Burgard J P, Krause J, Münnich R
Department of Economic and Social Statistics, Trier University, Trier, Germany.
J Appl Stat. 2020 May 14;48(9):1659-1674. doi: 10.1080/02664763.2020.1765323. eCollection 2021.
Hypertension is a highly prevalent cardiovascular disease. It marks a considerable cost factor to many national health systems. Despite its prevalence, regional disease distributions are often unknown and must be estimated from survey data. However, health surveys frequently lack in regional observations due to limited resources. Obtained prevalence estimates suffer from unacceptably large sampling variances and are not reliable. Small area estimation solves this problem by linking auxiliary data from multiple regions in suitable regression models. Typically, either unit- or area-level observations are considered for this purpose. But with respect to hypertension, both levels should be used. Hypertension has characteristic comorbidities and is strongly related to lifestyle features, which are unit-level information. It is also correlated with socioeconomic indicators that are usually measured on the area-level. But the level combination is challenging as it requires multi-level model parameter estimation from small samples. We use a multi-level small area model with level-specific penalization to overcome this issue. Model parameter estimation is performed via stochastic coordinate gradient descent. A jackknife estimator of the mean squared error is presented. The methodology is applied to combine health survey data and administrative records to estimate regional hypertension prevalence in Germany.
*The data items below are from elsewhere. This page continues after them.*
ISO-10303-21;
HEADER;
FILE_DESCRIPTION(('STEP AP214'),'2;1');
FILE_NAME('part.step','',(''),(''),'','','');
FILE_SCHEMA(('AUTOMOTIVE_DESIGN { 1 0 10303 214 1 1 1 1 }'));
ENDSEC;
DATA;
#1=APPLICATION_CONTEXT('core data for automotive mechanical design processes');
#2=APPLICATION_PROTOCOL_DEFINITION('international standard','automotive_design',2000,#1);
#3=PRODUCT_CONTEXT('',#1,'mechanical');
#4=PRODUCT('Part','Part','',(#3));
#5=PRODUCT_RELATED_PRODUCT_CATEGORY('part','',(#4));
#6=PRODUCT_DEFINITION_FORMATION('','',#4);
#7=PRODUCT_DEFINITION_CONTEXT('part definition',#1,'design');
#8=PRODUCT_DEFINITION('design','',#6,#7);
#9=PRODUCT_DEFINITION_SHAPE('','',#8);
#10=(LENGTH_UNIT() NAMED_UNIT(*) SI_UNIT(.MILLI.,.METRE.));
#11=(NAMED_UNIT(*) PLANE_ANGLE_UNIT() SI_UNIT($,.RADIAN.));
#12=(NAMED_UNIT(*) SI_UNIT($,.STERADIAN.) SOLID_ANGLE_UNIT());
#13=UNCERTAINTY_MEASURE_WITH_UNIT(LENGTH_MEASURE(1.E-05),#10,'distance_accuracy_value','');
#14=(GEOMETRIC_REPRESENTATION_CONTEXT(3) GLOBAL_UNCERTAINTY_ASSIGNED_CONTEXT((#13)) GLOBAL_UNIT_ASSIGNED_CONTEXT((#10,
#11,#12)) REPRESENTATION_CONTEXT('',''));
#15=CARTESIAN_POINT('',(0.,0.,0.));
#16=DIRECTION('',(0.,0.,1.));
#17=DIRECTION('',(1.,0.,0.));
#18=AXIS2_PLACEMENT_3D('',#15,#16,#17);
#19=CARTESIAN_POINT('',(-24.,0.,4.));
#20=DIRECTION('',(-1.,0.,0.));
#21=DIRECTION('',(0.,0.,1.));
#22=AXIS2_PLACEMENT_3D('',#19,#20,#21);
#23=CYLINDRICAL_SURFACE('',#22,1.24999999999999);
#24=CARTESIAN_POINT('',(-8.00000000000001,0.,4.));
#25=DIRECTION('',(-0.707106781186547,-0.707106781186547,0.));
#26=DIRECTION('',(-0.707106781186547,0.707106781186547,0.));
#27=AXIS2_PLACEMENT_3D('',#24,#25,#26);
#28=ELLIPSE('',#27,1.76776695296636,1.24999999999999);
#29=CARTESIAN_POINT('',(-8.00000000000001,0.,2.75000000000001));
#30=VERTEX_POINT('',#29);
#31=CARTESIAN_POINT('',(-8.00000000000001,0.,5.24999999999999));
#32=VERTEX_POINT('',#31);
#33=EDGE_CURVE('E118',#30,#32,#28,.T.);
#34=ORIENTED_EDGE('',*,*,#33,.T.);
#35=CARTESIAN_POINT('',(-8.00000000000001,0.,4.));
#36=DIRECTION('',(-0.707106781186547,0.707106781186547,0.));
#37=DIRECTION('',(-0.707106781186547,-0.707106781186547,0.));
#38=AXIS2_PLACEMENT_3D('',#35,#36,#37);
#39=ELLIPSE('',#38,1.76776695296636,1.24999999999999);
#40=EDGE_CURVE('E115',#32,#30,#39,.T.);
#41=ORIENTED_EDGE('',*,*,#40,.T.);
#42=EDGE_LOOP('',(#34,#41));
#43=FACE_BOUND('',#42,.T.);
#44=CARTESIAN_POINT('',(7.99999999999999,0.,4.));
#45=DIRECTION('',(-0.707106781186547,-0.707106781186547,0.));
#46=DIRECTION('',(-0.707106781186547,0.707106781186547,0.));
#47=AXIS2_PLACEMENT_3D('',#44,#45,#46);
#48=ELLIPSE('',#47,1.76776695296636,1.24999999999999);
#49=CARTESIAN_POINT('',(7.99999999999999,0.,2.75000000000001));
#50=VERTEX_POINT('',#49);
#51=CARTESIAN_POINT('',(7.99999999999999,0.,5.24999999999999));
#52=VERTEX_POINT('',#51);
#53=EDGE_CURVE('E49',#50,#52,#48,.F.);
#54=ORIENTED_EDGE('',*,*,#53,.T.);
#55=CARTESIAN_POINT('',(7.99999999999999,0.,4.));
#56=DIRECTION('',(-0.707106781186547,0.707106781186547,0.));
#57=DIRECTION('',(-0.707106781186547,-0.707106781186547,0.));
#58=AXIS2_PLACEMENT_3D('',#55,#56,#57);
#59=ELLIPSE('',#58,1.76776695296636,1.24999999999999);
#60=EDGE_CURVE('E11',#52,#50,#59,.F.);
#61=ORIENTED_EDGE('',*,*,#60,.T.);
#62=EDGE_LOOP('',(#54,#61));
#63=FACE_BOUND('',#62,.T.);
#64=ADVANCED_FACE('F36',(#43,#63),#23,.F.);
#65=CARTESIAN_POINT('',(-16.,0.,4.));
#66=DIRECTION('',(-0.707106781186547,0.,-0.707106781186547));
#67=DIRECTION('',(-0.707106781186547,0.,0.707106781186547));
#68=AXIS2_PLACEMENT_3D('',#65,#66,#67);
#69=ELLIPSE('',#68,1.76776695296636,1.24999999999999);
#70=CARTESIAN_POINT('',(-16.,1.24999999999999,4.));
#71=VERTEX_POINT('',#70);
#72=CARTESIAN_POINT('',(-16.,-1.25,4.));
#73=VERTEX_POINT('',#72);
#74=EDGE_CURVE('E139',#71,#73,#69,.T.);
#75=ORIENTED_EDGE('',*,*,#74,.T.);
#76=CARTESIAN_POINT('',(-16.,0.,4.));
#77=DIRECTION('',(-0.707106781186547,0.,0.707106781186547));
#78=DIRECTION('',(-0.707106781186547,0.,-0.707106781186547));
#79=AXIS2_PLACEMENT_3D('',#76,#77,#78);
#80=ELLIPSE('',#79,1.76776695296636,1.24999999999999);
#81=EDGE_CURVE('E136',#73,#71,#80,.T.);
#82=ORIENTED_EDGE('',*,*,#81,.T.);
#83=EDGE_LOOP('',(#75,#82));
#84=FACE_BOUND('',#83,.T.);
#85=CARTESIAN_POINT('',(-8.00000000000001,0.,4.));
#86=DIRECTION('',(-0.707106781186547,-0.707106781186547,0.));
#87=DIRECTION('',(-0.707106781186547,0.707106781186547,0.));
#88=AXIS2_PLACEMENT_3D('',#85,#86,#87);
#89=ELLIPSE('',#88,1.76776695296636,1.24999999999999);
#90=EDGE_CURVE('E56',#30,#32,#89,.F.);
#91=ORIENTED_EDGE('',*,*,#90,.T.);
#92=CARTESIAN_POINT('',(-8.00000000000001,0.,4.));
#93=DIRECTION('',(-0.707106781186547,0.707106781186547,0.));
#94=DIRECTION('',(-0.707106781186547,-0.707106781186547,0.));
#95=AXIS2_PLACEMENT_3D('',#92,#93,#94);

高血压是一种高度流行的心血管疾病。它是许多国家卫生系统的一个重要成本因素。尽管其患病率很高,但区域疾病分布往往未知,必须从调查数据中进行估计。然而,由于资源有限,健康调查经常缺乏区域观测数据。所获得的患病率估计值存在不可接受的大抽样方差,不可靠。小区域估计通过在合适的回归模型中链接来自多个区域的辅助数据来解决这个问题。通常,为此目的会考虑单位或区域层面的观测数据。但对于高血压而言,两个层面的数据都应使用。高血压具有特征性的合并症,并且与生活方式特征密切相关,这些都是单位层面的信息。它还与通常在区域层面测量的社会经济指标相关。但这种层面的组合具有挑战性,因为它需要从小样本中进行多层次模型参数估计。我们使用具有特定层面惩罚的多层次小区域模型来克服这个问题。模型参数估计通过随机坐标梯度下降进行。提出了均方误差的刀切估计量。该方法被应用于结合健康调查数据和行政记录来估计德国的区域高血压患病率。